Elle se situe au pied du cerro Rico, une montagne qui culmine elle à 4782 m : c'est ici, à cet endroit, au cœur de cette montagne que l’on a extrait des tonnes d’argent durant des siècles, et qui a fait plusieurs millions de morts.
Combien d’entre vous connaissent aujourd’hui cette tragédie ?
Préambule
Mais avant tout, je souhaiterais préciser une chose : on pourrait penser à du voyeurisme, en s’invitant dans le quotidien de ces pauvres gens : ce n’est pas mon avis :
D’une part, par ce que j’aime bien me rendre compte par moi-même de la réalité, bonne ou mauvaise, de certaines choses.
Cela permet de relativiser nos soi-disant problèmes du quotidien.
Parce qu’il me semble utile de montrer le côté « obscur » de certains voyages.
Eviter tout jugement, en prenant soin de bien peser le « pour » et le « contre »
Une partie des frais liés à la visite revient aux coopératives des mineurs.
Nous leur offrons systématiquement des boissons, des gâteaux et autres besoins matériels.
La visite
Voilà une « visite » qui restera à jamais gravée dans ma mémoire !
Franchement, je n’avais jamais imaginé que je visiterai un jour une mine, au sein même d’une montagne à plus de 4000 m, ou des millions d’êtres humains ont péri pour gagner leur vie !
D’abord, une visite comme celle-là ne s’improvise pas : il faut s’équiper ! Direction les petites échoppes du marché des mineurs, où on y trouve tout le matériel et les marchandises nécessaires, comme la dynamite par exemple.
Hop ! On enfile une combinaison « rouge pétante », un casque équipé d’une « loupiote », et enfin des bottes ! Me voilà revêtu de la tenue du parfait mineur, prêt à affronter la montagne maudite !
Un cocktail d é t o n n a n t !
Enfin pas tout à fait ! Il manque « le petit cadeau empoisonné », celui que l’on doit faire aux mineurs.

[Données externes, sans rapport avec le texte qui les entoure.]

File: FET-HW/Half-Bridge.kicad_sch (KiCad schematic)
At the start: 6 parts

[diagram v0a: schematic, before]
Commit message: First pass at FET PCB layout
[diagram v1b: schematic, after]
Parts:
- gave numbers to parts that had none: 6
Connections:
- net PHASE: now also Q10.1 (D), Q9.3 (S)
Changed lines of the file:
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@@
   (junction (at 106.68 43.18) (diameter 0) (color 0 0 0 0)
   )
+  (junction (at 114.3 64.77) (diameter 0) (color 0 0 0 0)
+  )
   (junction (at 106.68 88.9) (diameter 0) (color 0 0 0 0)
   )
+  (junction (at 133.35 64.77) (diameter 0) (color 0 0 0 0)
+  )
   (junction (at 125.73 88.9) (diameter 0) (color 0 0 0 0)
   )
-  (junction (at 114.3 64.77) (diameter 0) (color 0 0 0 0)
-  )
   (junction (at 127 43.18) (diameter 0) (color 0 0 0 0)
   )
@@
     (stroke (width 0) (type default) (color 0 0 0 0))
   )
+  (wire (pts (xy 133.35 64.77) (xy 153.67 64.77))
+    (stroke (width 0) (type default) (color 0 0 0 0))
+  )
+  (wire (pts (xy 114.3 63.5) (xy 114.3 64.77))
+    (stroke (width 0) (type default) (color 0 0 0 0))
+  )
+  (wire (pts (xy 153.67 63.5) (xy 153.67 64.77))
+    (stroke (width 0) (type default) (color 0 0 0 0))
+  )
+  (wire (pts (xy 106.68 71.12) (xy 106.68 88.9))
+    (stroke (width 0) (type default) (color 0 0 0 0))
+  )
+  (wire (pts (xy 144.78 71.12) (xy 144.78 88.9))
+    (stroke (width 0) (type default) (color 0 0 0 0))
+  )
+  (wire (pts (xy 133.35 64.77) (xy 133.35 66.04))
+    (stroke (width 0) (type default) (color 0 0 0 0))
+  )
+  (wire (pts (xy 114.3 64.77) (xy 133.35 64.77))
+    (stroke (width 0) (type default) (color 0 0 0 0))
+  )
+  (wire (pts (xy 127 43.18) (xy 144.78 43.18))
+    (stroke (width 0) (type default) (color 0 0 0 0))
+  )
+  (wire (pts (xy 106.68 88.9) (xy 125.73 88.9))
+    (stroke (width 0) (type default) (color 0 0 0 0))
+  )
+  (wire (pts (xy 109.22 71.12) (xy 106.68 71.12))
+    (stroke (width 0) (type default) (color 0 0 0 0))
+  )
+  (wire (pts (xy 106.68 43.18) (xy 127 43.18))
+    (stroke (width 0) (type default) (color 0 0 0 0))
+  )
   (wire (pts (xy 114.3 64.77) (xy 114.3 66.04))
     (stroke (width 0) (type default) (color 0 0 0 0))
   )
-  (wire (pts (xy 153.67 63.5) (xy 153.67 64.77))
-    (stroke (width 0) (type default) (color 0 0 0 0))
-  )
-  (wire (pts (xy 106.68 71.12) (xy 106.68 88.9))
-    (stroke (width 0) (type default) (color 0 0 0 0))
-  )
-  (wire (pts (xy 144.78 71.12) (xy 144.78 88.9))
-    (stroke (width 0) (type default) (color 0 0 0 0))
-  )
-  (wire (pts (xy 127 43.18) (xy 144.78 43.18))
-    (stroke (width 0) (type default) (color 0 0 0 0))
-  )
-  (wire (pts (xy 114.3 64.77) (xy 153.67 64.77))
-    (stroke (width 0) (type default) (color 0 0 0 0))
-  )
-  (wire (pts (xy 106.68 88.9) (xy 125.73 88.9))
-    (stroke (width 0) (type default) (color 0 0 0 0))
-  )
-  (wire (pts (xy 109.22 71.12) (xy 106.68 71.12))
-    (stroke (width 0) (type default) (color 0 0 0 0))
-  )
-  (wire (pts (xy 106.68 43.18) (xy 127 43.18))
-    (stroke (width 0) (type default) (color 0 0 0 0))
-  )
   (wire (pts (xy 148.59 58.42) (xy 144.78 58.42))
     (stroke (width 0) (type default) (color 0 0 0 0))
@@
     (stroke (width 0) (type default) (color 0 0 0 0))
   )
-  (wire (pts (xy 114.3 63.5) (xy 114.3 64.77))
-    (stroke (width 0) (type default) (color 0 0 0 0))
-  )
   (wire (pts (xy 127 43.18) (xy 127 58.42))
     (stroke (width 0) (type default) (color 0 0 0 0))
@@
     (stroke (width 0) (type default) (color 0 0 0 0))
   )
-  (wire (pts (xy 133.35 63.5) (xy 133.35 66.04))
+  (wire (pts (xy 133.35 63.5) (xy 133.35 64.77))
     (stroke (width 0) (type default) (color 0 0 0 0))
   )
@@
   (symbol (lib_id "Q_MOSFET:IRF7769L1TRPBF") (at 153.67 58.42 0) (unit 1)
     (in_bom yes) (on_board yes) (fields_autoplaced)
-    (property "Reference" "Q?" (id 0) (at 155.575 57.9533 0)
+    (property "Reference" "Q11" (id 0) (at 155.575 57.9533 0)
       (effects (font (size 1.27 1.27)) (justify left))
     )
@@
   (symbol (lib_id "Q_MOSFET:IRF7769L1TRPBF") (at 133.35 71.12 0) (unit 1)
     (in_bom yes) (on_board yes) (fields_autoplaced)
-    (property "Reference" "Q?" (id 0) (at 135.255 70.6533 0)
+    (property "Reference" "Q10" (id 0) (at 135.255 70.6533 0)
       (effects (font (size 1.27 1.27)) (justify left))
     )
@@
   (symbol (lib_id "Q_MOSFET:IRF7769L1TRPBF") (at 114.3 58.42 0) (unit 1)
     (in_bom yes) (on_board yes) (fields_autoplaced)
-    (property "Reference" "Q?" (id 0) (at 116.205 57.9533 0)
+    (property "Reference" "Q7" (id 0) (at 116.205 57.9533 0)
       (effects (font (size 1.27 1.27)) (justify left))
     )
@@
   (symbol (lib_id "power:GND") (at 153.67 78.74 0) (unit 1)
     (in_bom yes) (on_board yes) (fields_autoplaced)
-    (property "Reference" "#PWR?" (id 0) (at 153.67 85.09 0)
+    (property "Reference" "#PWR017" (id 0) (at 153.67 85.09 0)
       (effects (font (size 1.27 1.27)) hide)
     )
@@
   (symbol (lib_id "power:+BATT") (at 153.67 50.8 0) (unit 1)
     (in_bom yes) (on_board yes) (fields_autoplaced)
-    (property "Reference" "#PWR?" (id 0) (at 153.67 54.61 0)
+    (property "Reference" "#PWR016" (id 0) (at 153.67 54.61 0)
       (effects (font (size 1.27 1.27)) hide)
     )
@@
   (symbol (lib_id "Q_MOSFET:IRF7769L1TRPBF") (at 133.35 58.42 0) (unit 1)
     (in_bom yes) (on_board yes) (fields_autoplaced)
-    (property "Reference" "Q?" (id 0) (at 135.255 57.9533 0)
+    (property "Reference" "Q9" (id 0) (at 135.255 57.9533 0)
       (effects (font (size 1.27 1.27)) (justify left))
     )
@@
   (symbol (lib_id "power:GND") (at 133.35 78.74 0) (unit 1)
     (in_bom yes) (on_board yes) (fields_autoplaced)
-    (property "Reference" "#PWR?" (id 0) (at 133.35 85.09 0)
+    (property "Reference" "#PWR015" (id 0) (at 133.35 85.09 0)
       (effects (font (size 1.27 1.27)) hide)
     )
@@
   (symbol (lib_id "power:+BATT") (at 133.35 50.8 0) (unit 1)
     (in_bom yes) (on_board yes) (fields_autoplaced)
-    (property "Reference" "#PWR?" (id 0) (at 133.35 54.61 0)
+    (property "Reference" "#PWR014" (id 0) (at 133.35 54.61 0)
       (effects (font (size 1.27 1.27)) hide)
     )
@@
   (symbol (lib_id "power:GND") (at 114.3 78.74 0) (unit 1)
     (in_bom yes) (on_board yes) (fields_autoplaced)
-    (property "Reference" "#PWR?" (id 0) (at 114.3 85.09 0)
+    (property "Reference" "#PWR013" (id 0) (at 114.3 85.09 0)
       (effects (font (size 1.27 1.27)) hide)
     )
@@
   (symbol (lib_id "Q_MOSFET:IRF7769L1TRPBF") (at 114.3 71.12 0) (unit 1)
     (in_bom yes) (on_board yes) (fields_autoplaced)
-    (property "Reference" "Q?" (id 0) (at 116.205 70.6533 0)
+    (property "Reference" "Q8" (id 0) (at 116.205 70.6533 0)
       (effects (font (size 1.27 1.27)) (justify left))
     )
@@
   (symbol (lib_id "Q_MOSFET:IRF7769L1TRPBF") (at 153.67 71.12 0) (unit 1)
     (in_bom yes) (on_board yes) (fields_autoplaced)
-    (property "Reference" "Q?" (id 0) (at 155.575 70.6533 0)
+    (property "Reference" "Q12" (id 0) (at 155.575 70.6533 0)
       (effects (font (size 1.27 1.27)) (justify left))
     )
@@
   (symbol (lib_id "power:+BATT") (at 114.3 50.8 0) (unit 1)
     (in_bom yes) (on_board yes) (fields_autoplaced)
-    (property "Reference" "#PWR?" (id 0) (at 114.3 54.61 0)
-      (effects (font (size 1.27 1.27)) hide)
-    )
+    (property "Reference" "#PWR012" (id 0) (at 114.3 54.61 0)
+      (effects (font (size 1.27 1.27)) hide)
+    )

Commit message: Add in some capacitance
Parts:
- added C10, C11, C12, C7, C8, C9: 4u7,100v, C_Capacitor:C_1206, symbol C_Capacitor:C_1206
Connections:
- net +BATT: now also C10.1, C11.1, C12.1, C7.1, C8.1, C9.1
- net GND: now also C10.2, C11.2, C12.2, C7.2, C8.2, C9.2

Cela commence par des gâteaux pour qu’ils puissent se nourrir, oui que des gâteaux secs !
Mais le pire reste à venir : lisez- bien !
- Sachet de feuilles de coca à mastiquer pour engourdir la gorge et éviter la faim !
- Bâton de dynamite gorgé de Nitroglycérine ! oui, oui, à manipuler avec précaution !
- Alcool à 96° pour faire un donc à « Tio » la divinité des mineurs
- Cigarettes, ne serait-ce que pour abîmer encore plus les poumons engorgés…
- Sulfate d’ammonium (ammoniaque + acide sulfurique) : utilisé principalement en agriculture, j’ignore l’usage qu’ils en font.
C’est parti pour l’enfer !
L’entrée ne me dit rien qui vaille ! Je pose devant, pour la postérité, ou l’éternité, peut-être !
Tout autour, la scène est à peine croyable ! Des mineurs sortent et rentrent dans la mine, avec leur brouette chargée ras la gueule !
On nous invite à en soulever une : mais c’est impossible voyons ! Ben si, eux ils y arrivent !
Le pire, ce sont les enfants qui poussent leur engin chargé de minerai bien plus lourd que leur poids ! Mais quel âge ont-ils ? Combien soulèvent-ils ! Leur condition de vie me bouleverse à tel point que je n’ose pas les photographier ! Je ne sais pas si aujourd’hui les enfants travaillent encore.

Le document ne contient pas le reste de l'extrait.